Assignment
Copy nothing before the line containing "[picture b1top: board". Reproduce that line and all that follow, exactly, through the end of the records.

---+---

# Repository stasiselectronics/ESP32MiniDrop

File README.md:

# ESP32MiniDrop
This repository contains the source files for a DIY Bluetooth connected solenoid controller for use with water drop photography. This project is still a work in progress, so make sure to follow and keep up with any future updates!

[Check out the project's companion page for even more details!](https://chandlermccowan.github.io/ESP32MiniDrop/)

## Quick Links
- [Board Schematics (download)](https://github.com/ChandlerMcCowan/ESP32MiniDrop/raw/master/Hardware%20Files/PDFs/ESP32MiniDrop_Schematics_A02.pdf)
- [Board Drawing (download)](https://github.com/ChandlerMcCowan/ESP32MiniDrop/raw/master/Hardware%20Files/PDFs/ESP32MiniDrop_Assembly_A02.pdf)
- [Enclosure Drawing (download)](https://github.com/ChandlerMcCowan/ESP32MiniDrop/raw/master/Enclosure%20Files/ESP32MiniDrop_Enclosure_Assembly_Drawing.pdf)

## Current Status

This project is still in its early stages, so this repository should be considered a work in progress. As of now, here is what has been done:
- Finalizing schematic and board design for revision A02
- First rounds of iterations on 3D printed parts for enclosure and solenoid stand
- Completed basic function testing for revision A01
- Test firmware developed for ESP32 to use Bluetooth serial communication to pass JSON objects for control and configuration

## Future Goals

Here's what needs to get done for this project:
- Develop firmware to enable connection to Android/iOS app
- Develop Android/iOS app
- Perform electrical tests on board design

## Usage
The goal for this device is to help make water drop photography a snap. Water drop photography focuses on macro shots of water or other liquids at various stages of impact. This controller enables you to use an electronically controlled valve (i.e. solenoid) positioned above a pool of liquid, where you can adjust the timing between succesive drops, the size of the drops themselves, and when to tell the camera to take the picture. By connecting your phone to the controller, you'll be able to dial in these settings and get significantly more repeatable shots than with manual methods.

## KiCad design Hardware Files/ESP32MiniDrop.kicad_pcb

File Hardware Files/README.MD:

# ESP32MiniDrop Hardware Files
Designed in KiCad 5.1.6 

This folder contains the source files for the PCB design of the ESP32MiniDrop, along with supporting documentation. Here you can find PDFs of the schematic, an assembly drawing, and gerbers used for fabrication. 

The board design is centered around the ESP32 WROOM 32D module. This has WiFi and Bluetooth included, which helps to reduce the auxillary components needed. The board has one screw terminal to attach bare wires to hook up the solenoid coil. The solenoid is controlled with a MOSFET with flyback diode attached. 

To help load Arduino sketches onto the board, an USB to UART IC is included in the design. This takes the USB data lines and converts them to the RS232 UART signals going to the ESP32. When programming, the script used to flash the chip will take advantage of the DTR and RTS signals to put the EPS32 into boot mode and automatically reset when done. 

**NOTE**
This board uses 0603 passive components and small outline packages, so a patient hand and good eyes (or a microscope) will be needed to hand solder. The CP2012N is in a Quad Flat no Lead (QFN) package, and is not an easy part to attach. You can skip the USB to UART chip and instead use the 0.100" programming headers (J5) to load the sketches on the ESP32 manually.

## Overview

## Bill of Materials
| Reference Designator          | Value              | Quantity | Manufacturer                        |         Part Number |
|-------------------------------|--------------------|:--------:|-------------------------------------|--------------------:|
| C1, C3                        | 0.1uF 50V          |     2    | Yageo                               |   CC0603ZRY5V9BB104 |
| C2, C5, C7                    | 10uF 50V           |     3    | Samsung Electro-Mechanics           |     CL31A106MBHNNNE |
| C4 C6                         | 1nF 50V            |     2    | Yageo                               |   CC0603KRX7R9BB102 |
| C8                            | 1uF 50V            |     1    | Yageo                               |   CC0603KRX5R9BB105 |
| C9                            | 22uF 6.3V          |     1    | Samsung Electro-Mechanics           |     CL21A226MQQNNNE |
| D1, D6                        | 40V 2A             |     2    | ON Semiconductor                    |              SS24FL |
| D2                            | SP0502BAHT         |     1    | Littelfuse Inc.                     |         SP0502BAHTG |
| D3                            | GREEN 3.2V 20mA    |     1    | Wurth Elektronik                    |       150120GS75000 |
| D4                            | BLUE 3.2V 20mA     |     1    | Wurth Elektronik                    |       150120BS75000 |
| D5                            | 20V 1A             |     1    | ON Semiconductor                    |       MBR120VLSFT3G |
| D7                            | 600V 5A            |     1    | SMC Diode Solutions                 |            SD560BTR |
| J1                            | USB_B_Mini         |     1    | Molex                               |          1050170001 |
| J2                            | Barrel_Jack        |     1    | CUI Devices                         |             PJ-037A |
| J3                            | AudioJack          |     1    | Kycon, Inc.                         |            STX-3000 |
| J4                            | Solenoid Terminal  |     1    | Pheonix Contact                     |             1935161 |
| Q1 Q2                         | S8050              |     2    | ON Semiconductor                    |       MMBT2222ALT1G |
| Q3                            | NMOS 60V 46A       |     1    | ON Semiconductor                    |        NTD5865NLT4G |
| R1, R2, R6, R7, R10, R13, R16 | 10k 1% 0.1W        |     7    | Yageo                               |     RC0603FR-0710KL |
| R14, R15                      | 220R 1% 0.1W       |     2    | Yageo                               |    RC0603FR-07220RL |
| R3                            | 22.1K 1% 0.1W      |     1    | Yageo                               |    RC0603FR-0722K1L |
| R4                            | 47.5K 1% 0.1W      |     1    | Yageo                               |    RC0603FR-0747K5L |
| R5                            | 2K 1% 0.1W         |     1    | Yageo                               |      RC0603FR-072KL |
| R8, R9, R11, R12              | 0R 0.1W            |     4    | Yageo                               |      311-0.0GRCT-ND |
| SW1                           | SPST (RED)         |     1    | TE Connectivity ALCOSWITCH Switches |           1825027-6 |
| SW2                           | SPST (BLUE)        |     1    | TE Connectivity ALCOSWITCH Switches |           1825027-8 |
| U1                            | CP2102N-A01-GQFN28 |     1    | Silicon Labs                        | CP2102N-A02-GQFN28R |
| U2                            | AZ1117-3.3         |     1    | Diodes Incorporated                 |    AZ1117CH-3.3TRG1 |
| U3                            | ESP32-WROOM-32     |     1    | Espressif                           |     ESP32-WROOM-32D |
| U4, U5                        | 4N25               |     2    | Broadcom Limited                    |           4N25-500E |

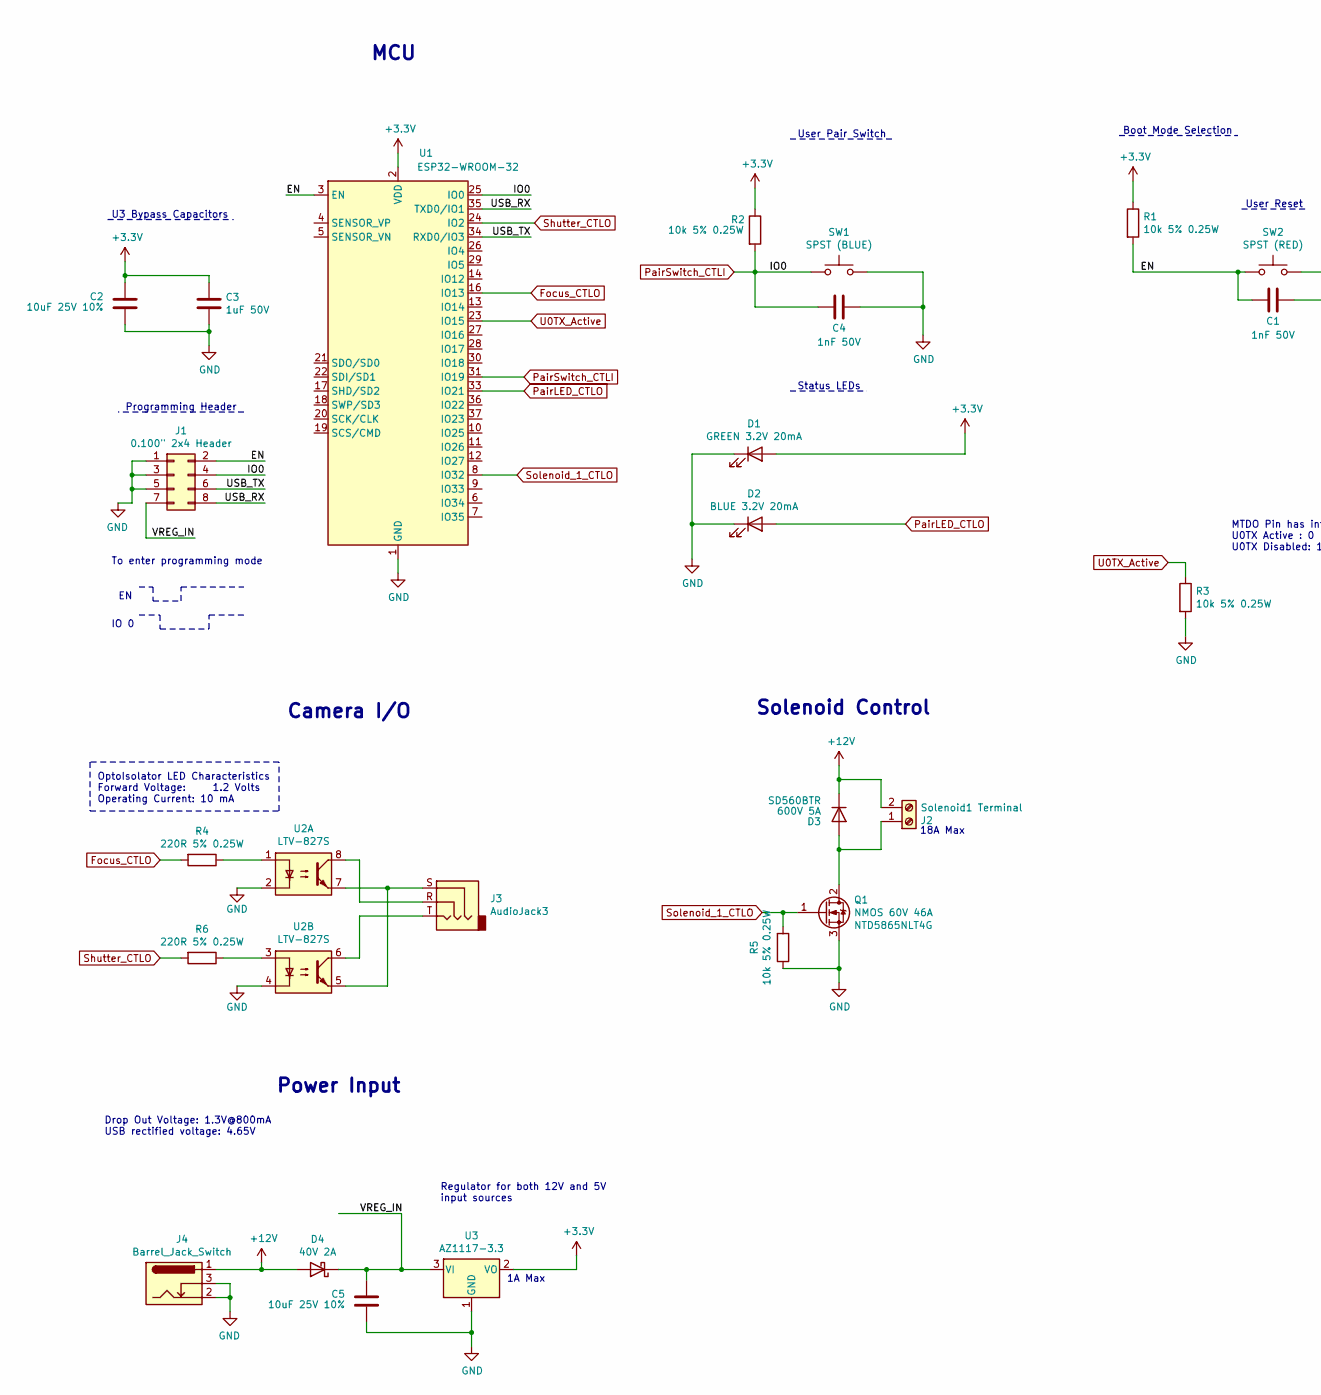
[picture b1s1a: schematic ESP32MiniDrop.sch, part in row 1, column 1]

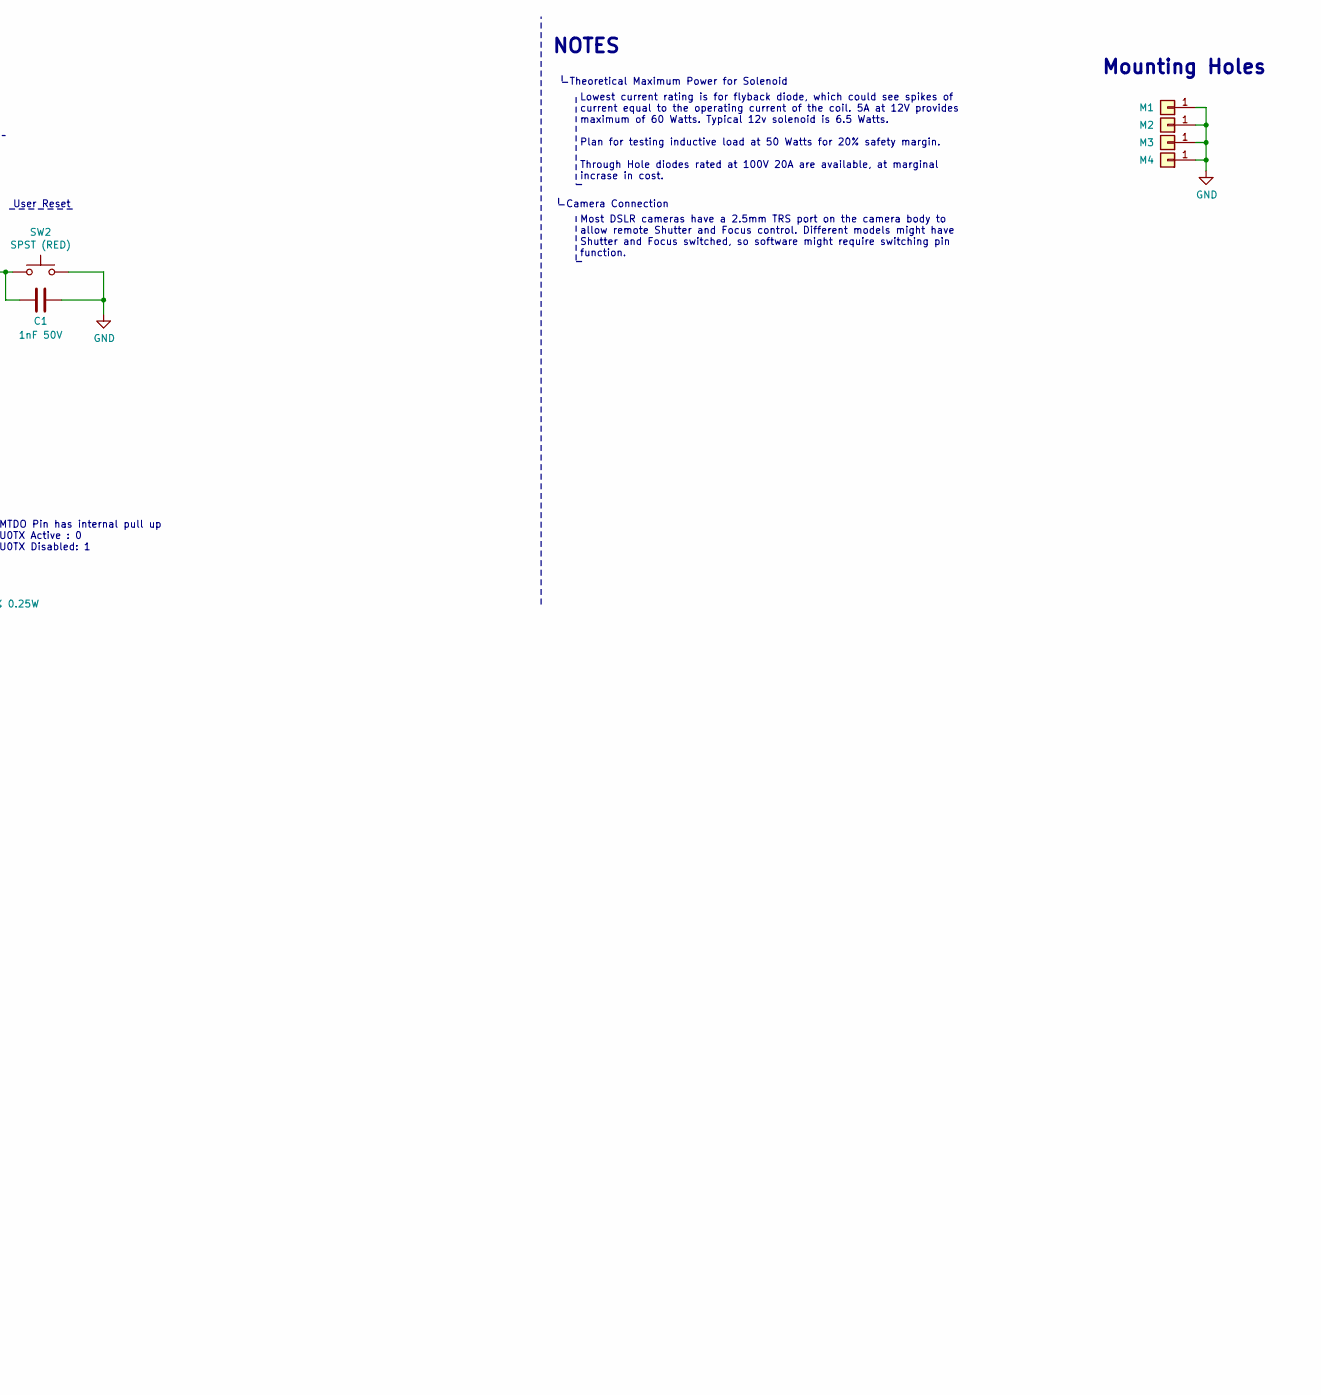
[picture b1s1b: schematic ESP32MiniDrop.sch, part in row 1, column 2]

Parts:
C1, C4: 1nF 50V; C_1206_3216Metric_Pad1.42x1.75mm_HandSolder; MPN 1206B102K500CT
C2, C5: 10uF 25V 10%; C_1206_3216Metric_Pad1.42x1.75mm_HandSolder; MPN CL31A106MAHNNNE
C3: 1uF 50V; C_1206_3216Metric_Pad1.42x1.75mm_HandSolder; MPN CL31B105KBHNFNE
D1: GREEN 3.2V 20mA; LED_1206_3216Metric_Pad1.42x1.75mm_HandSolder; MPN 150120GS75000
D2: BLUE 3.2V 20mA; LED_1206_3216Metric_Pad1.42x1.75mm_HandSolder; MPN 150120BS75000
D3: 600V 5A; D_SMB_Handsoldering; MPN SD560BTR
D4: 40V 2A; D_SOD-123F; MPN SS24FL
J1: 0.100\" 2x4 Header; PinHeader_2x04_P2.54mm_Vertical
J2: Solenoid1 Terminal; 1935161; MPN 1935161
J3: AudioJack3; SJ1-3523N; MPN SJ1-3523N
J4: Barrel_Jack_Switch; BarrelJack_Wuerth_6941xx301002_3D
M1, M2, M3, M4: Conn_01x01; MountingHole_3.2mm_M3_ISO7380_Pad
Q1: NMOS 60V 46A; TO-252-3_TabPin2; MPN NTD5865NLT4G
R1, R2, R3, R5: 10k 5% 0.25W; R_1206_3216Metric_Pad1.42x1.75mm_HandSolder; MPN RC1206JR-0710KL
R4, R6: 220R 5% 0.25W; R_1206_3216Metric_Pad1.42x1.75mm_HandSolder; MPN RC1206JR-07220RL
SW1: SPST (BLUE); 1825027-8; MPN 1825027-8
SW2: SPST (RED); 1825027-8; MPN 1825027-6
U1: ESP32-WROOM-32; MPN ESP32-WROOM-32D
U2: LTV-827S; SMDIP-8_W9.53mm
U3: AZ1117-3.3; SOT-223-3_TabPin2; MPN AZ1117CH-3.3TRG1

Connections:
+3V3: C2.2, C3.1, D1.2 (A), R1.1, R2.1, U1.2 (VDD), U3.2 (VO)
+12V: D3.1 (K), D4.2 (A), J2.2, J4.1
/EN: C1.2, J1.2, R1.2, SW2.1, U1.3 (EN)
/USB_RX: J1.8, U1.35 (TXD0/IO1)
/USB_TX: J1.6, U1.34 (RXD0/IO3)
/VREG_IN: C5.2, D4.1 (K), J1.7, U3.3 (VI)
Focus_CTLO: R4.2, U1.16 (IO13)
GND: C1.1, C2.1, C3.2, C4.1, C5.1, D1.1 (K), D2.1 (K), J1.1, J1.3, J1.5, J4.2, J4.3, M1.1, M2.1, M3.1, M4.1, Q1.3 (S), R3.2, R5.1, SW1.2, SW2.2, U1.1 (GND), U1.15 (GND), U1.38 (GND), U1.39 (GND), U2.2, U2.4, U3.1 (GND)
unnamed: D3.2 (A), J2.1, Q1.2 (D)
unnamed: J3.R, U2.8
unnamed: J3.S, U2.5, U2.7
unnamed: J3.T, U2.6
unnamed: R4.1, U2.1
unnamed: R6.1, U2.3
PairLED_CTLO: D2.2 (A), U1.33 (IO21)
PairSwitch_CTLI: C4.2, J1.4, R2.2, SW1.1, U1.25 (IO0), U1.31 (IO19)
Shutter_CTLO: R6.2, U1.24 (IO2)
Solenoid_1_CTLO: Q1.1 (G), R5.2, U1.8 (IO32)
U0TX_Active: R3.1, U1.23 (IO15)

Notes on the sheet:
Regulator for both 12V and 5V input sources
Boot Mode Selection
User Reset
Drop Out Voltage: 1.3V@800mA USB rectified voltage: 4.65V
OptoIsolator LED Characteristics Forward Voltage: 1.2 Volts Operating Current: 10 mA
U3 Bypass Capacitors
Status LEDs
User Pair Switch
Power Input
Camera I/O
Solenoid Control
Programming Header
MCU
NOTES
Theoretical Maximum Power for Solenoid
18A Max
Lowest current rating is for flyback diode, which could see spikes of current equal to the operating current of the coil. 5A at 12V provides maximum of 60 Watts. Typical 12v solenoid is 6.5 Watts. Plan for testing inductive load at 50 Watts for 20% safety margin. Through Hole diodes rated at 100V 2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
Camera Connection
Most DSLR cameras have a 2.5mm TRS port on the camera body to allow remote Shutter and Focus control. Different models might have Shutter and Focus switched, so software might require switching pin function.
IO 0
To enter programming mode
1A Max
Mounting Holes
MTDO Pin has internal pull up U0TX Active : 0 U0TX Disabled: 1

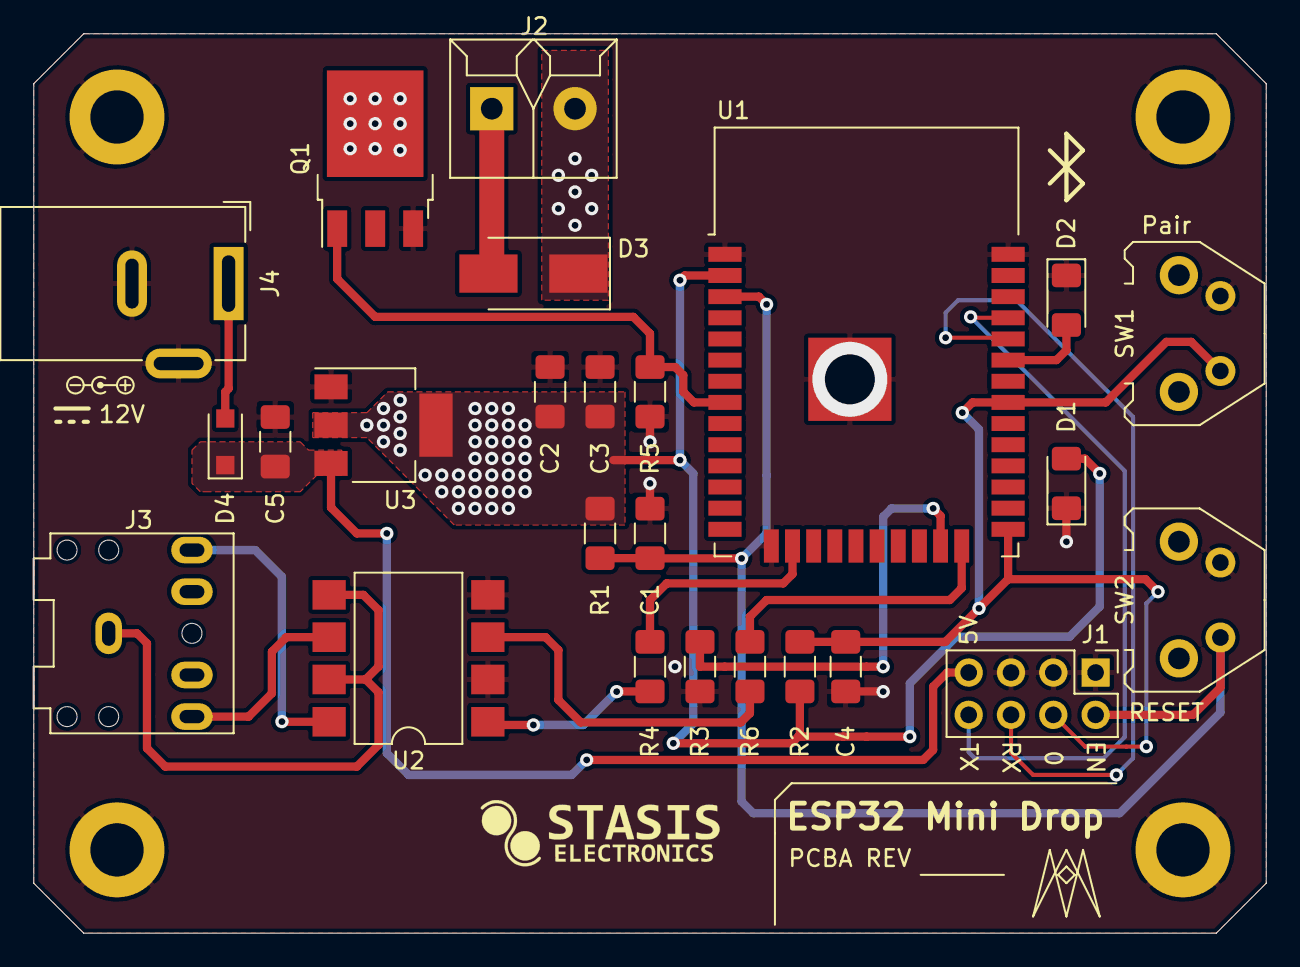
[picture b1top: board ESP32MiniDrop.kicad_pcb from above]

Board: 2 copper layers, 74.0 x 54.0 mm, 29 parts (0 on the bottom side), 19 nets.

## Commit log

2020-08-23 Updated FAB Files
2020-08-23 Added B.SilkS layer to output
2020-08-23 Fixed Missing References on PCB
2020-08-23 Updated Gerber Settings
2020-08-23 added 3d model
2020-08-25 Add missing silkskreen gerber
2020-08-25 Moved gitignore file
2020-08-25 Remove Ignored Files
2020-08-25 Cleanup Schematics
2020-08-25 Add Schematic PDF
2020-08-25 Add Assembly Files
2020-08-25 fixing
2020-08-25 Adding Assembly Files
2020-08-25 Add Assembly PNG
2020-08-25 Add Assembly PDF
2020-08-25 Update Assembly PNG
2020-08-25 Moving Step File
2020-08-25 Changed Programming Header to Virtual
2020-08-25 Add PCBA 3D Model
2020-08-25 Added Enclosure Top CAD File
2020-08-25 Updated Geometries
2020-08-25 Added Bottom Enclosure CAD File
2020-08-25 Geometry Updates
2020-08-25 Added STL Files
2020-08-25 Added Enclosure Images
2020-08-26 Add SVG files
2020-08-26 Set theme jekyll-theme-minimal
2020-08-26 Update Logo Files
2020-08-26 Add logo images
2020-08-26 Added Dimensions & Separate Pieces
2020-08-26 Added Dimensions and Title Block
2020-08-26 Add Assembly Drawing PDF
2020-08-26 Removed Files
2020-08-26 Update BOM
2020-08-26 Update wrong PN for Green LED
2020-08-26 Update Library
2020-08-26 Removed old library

---+---

Answer to this exercise
[picture b1top: board ESP32MiniDrop.kicad_pcb from above]

Board: 2 copper layers, 74.0 x 54.0 mm, 29 parts (0 on the bottom side), 19 nets.

## Commit log

2020-08-23 Updated FAB Files
2020-08-23 Added B.SilkS layer to output
2020-08-23 Fixed Missing References on PCB
2020-08-23 Updated Gerber Settings
2020-08-23 added 3d model
2020-08-25 Add missing silkskreen gerber
2020-08-25 Moved gitignore file
2020-08-25 Remove Ignored Files
2020-08-25 Cleanup Schematics
2020-08-25 Add Schematic PDF
2020-08-25 Add Assembly Files
2020-08-25 fixing
2020-08-25 Adding Assembly Files
2020-08-25 Add Assembly PNG
2020-08-25 Add Assembly PDF
2020-08-25 Update Assembly PNG
2020-08-25 Moving Step File
2020-08-25 Changed Programming Header to Virtual
2020-08-25 Add PCBA 3D Model
2020-08-25 Added Enclosure Top CAD File
2020-08-25 Updated Geometries
2020-08-25 Added Bottom Enclosure CAD File
2020-08-25 Geometry Updates
2020-08-25 Added STL Files
2020-08-25 Added Enclosure Images
2020-08-26 Add SVG files
2020-08-26 Set theme jekyll-theme-minimal
2020-08-26 Update Logo Files
2020-08-26 Add logo images
2020-08-26 Added Dimensions & Separate Pieces
2020-08-26 Added Dimensions and Title Block
2020-08-26 Add Assembly Drawing PDF
2020-08-26 Removed Files
2020-08-26 Update BOM
2020-08-26 Update wrong PN for Green LED
2020-08-26 Update Library
2020-08-26 Removed old library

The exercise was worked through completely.